▶ [Work order] Write the data out again, character for character, with no images.

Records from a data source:
==*==
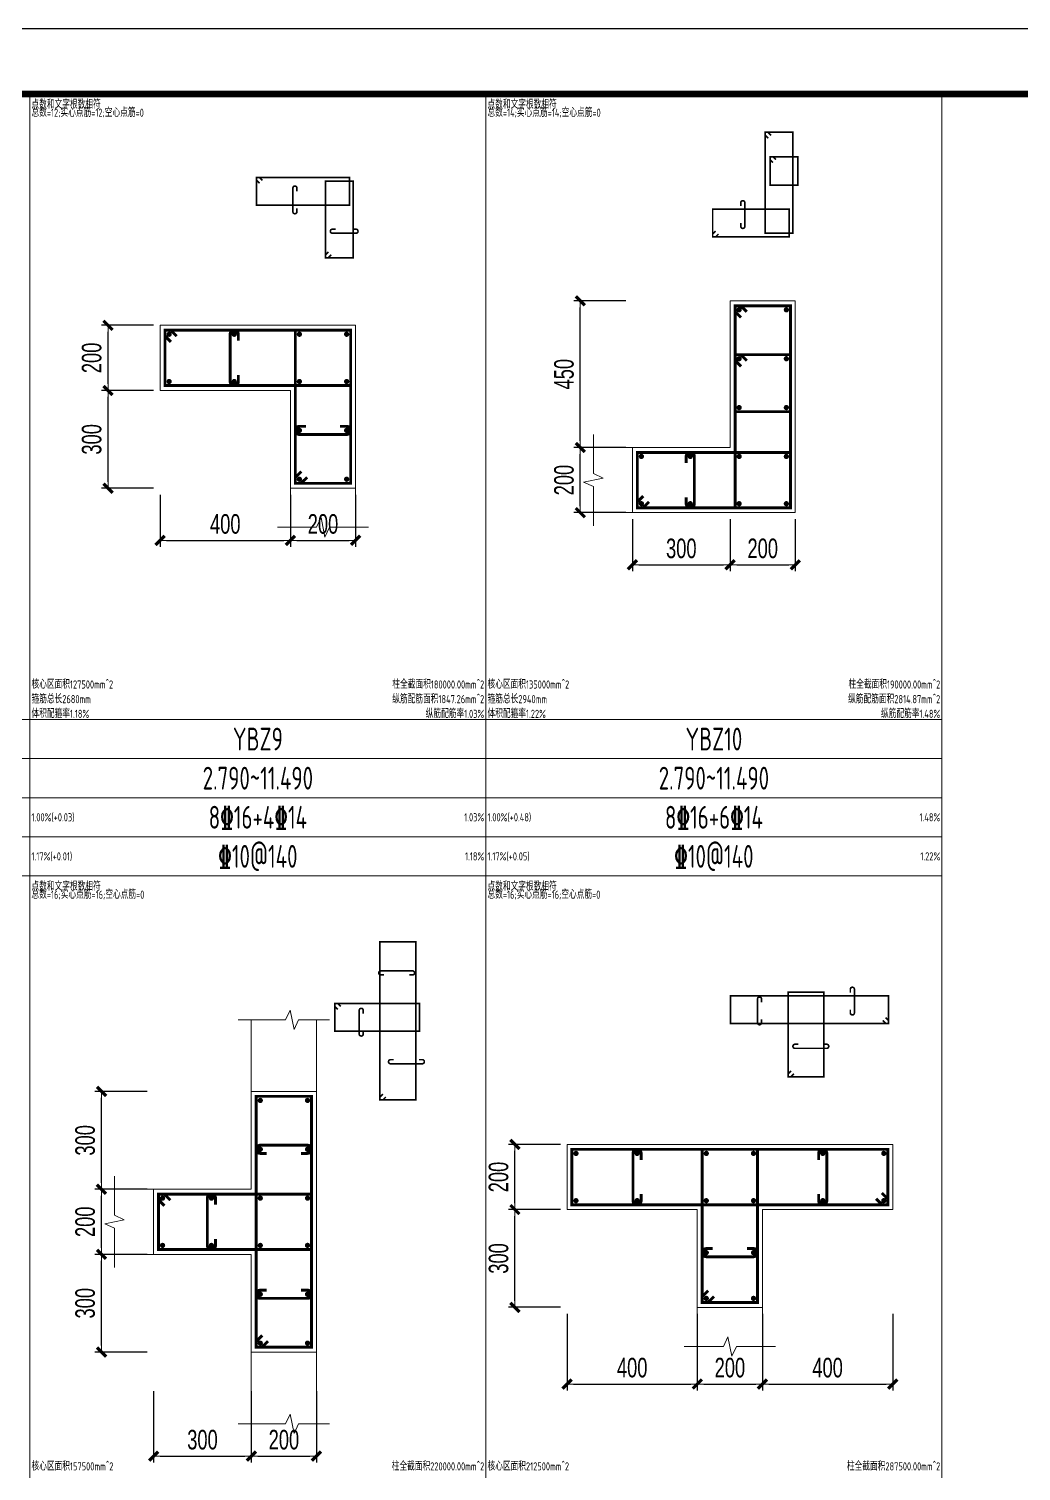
# Model space of a CAD drawing. Extents: x 5874492 to 7194610, y -939842 to -279257.
# Drawn here: x 6432489 to 6447721, y -697792 to -675657 of the extents above; entities that cross this region are included whole.
import ezdxf
from ezdxf.enums import TextEntityAlignment as Align

# ---------------------------------------------------------------- set-up
doc = ezdxf.new("R2010")
doc.units = 0
doc.header["$LTSCALE"] = 1000
for name, color, linetype, lineweight in [('S-墙柱-REIN', 1, 'Continuous', 20), ('S-墙柱-大样细线', 7, 'Continuous', 20), ('S-墙柱-编号', 4, 'Continuous', 20), ('S-大样-DIM', 3, 'Continuous', 20), ('S-大样-REIN', 1, 'Continuous', 20), ('S-大样-实线', 2, 'Continuous', 20), ('S-通用-TAB', 7, 'Continuous', 20)]:
    doc.layers.add(name, color=color, linetype=linetype, lineweight=lineweight)
doc.layers.add('Y-云图图框', color=7, linetype='Continuous')
doc.layers.add('z-计算配筋', color=7, linetype='Continuous')
doc.layers.add('配箍校核', color=34, linetype='Continuous', plot=False)
doc.styles.add('_YT_Name', font='', dxfattribs={"width": 0.8})
doc.styles.add('_YT_Sign_Text', font='ros.shx', dxfattribs={"width": 0.8, "bigfont": 'hztxt.shx'})
doc.styles.add('BW_Dim', font='Bweng.shx', dxfattribs={"width": 0.7, "bigfont": 'hztxt.shx'})
doc.styles.add('BW_Rein', font='tssdeng.shx', dxfattribs={"width": 0.7, "bigfont": 'hztxt.shx'})
doc.styles.get("Standard").update_dxf_attribs({"font": 'gbenor.shx', "bigfont": 'gbcbig.shx'})
doc.styles.add('TSSD_Rein', font='tssdeng.shx', dxfattribs={"width": 0.7, "bigfont": 'hztxt.shx'})
doc.styles.get('_YT_Name').set_extended_font_data('SimHei')
doc.dimstyles.new('Cyz_20_100', dxfattribs={"dimtxt": 300, "dimasz": 100, "dimexe": 100, "dimexo": 100, "dimgap": 100, "dimtad": 1, "dimdec": 0, "dimlfac": 0.2, "dimzin": 0, "dimdsep": 46, "dimtxsty": 'BW_Dim', "dimblk": '_bwk', "dimcen": 0, "dimclrt": 7, "dimadec": 0, "dimazin": 0, "dimtfac": 1, "dimtdec": 0, "dimtix": 1, "dimtmove": 2, "dimatfit": 0, "dimfxl": 0, "dimtolj": 1, "dimtzin": 0, "dimarcsym": 0})

# ---------------------------------------------------------------- blocks, each defined once
blk = doc.blocks.new('ECMCTK_A1_横_单行图名--0')
at = {"color": 4}
blk.add_lwpolyline([(0, 0), (841, 0), (841, 594), (0, 594)], close=True, dxfattribs=at)
at = {"const_width": 1}
blk.add_lwpolyline([(25, 10), (831, 10), (831, 584), (25, 584)], close=True, dxfattribs=at)
at = {"color": 80, "flags": 3}
for tag, height, p in [('YTHQINS', 3, (34.31, 585.5)), ('ECMCKEY', 3, (292.07, 288.23)), ('YTTQINS', 5.62, (848.03, 12.81)), ('YTFRAME', 3, (652.76, 5.84)), ('YTBARCODE_T1', 3, (749.78, 5.95))]:
    blk.add_attdef(tag, text='', height=height, dxfattribs=at).set_placement(p, align=Align.MIDDLE_CENTER)
for tag, height, style, width, p in [('证书编号', 4, '_YT_Sign_Text', 0.8, (708.87, 43.81)), ('审查批准号', 4, '_YT_Sign_Text', 0.8, (761.06, 43.81)), ('工程号', 4, '_YT_Sign_Text', 0.5, (804.08, 44.12)), ('设计单位', 6, '_YT_Name', 0.8, (623.75, 38.6)), ('建设单位', 4, '_YT_Sign_Text', 0.8, (734.96, 36.11)), ('阶段', 4, '_YT_Sign_Text', 0.8, (804.08, 35.81)), ('项目号', 4, '_YT_Sign_Text', 0.5, (822.08, 33.72)), ('项目名称', 4, '_YT_Sign_Text', 0.8, (734.96, 28.11)), ('专业', 4, '_YT_Sign_Text', 0.8, (804.08, 27.31)), ('图纸编号', 4, '_YT_Sign_Text', 0.5, (803.93, 19.36)), ('图纸名称', 4.5, '_YT_Name', 0.8, (735.39, 15.06)), ('出图比例', 4.2, '_YT_Sign_Text', 0.8, (681.82, 11.78)), ('日期', 4, '_YT_Sign_Text', 0.5, (803.88, 12.13)), ('版本号', 4, '_YT_Sign_Text', 0.8, (822.08, 13))]:
    blk.add_attdef(tag, text='', height=height, dxfattribs=dict(style=style, width=width)).set_placement(p, align=Align.CENTER)
at = {"style": '_YT_Sign_Text', "width": 0.8, "flags": 3}
for tag, p, height in [('{审定人}', (605.87, 26.45), 6.24), ('{校对人}', (658.35, 26.53), 6.24), ('[审定人]', (590.95, 27.81), 4.1), ('[校对人]', (642.23, 27.82), 4.1), ('{审核人}', (606.98, 18.44), 6.24), ('[设计人]', (642.47, 20.21), 4.1), ('{设计人}', (658.48, 18.54), 6.24), ('[审核人]', (591.01, 19.76), 4.1), ('[项目负责人]', (590.78, 12.01), 4.1), ('{项目负责人}', (608.28, 10.72), 6.24), ('[专业负责人]', (642.74, 11.77), 4.1), ('{专业负责人}', (658.58, 10.36), 6.24)]:
    blk.add_attdef(tag, p, '', height=height, dxfattribs=at)
at = {"color": 80, "flags": 3}
for tag, p in [('YTQRCODE', (551.04, 11.91)), ('YTBZSIT', (25, 10)), ('EXT_TK_LEFT', (25, 10))]:
    blk.add_attdef(tag, p, '', height=3, dxfattribs=at)
blk = doc.blocks.new('_bwk')
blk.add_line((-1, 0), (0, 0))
==*==
▶ [Solution to this exercise]
# Model space of a CAD drawing. Extents: x 5874492 to 7194610, y -939842 to -279257.
# Drawn here: x 6432489 to 6447721, y -697792 to -675657 of the extents above; entities that cross this region are included whole.
import ezdxf
from ezdxf.enums import TextEntityAlignment as Align

# ---------------------------------------------------------------- set-up
doc = ezdxf.new("R2010")
doc.units = 0
doc.header["$LTSCALE"] = 1000
for name, color, linetype, lineweight in [('S-墙柱-REIN', 1, 'Continuous', 20), ('S-墙柱-大样细线', 7, 'Continuous', 20), ('S-墙柱-编号', 4, 'Continuous', 20), ('S-大样-DIM', 3, 'Continuous', 20), ('S-大样-REIN', 1, 'Continuous', 20), ('S-大样-实线', 2, 'Continuous', 20), ('S-通用-TAB', 7, 'Continuous', 20)]:
    doc.layers.add(name, color=color, linetype=linetype, lineweight=lineweight)
doc.layers.add('Y-云图图框', color=7, linetype='Continuous')
doc.layers.add('z-计算配筋', color=7, linetype='Continuous')
doc.layers.add('配箍校核', color=34, linetype='Continuous', plot=False)
doc.styles.add('_YT_Name', font='', dxfattribs={"width": 0.8})
doc.styles.add('_YT_Sign_Text', font='ros.shx', dxfattribs={"width": 0.8, "bigfont": 'hztxt.shx'})
doc.styles.add('BW_Dim', font='Bweng.shx', dxfattribs={"width": 0.7, "bigfont": 'hztxt.shx'})
doc.styles.add('BW_Rein', font='tssdeng.shx', dxfattribs={"width": 0.7, "bigfont": 'hztxt.shx'})
doc.styles.get("Standard").update_dxf_attribs({"font": 'gbenor.shx', "bigfont": 'gbcbig.shx'})
doc.styles.add('TSSD_Rein', font='tssdeng.shx', dxfattribs={"width": 0.7, "bigfont": 'hztxt.shx'})
doc.styles.get('_YT_Name').set_extended_font_data('SimHei')
doc.dimstyles.new('Cyz_20_100', dxfattribs={"dimtxt": 300, "dimasz": 100, "dimexe": 100, "dimexo": 100, "dimgap": 100, "dimtad": 1, "dimdec": 0, "dimlfac": 0.2, "dimzin": 0, "dimdsep": 46, "dimtxsty": 'BW_Dim', "dimblk": '_bwk', "dimcen": 0, "dimclrt": 7, "dimadec": 0, "dimazin": 0, "dimtfac": 1, "dimtdec": 0, "dimtix": 1, "dimtmove": 2, "dimatfit": 0, "dimfxl": 0, "dimtolj": 1, "dimtzin": 0, "dimarcsym": 0})

# ---------------------------------------------------------------- blocks, each defined once
blk = doc.blocks.new('ECMCTK_A1_横_单行图名--0')
at = {"color": 4}
blk.add_lwpolyline([(0, 0), (841, 0), (841, 594), (0, 594)], close=True, dxfattribs=at)
at = {"const_width": 1}
blk.add_lwpolyline([(25, 10), (831, 10), (831, 584), (25, 584)], close=True, dxfattribs=at)
at = {"color": 80, "flags": 3}
for tag, height, p in [('YTHQINS', 3, (34.31, 585.5)), ('ECMCKEY', 3, (292.07, 288.23)), ('YTTQINS', 5.62, (848.03, 12.81)), ('YTFRAME', 3, (652.76, 5.84)), ('YTBARCODE_T1', 3, (749.78, 5.95))]:
    blk.add_attdef(tag, text='', height=height, dxfattribs=at).set_placement(p, align=Align.MIDDLE_CENTER)
for tag, height, style, width, p in [('证书编号', 4, '_YT_Sign_Text', 0.8, (708.87, 43.81)), ('审查批准号', 4, '_YT_Sign_Text', 0.8, (761.06, 43.81)), ('工程号', 4, '_YT_Sign_Text', 0.5, (804.08, 44.12)), ('设计单位', 6, '_YT_Name', 0.8, (623.75, 38.6)), ('建设单位', 4, '_YT_Sign_Text', 0.8, (734.96, 36.11)), ('阶段', 4, '_YT_Sign_Text', 0.8, (804.08, 35.81)), ('项目号', 4, '_YT_Sign_Text', 0.5, (822.08, 33.72)), ('项目名称', 4, '_YT_Sign_Text', 0.8, (734.96, 28.11)), ('专业', 4, '_YT_Sign_Text', 0.8, (804.08, 27.31)), ('图纸编号', 4, '_YT_Sign_Text', 0.5, (803.93, 19.36)), ('图纸名称', 4.5, '_YT_Name', 0.8, (735.39, 15.06)), ('出图比例', 4.2, '_YT_Sign_Text', 0.8, (681.82, 11.78)), ('日期', 4, '_YT_Sign_Text', 0.5, (803.88, 12.13)), ('版本号', 4, '_YT_Sign_Text', 0.8, (822.08, 13))]:
    blk.add_attdef(tag, text='', height=height, dxfattribs=dict(style=style, width=width)).set_placement(p, align=Align.CENTER)
at = {"style": '_YT_Sign_Text', "width": 0.8, "flags": 3}
for tag, p, height in [('{审定人}', (605.87, 26.45), 6.24), ('{校对人}', (658.35, 26.53), 6.24), ('[审定人]', (590.95, 27.81), 4.1), ('[校对人]', (642.23, 27.82), 4.1), ('{审核人}', (606.98, 18.44), 6.24), ('[设计人]', (642.47, 20.21), 4.1), ('{设计人}', (658.48, 18.54), 6.24), ('[审核人]', (591.01, 19.76), 4.1), ('[项目负责人]', (590.78, 12.01), 4.1), ('{项目负责人}', (608.28, 10.72), 6.24), ('[专业负责人]', (642.74, 11.77), 4.1), ('{专业负责人}', (658.58, 10.36), 6.24)]:
    blk.add_attdef(tag, p, '', height=height, dxfattribs=at)
at = {"color": 80, "flags": 3}
for tag, p in [('YTQRCODE', (551.04, 11.91)), ('YTBZSIT', (25, 10)), ('EXT_TK_LEFT', (25, 10))]:
    blk.add_attdef(tag, p, '', height=3, dxfattribs=at)
blk = doc.blocks.new('_bwk')
blk.add_line((-1, 0), (0, 0))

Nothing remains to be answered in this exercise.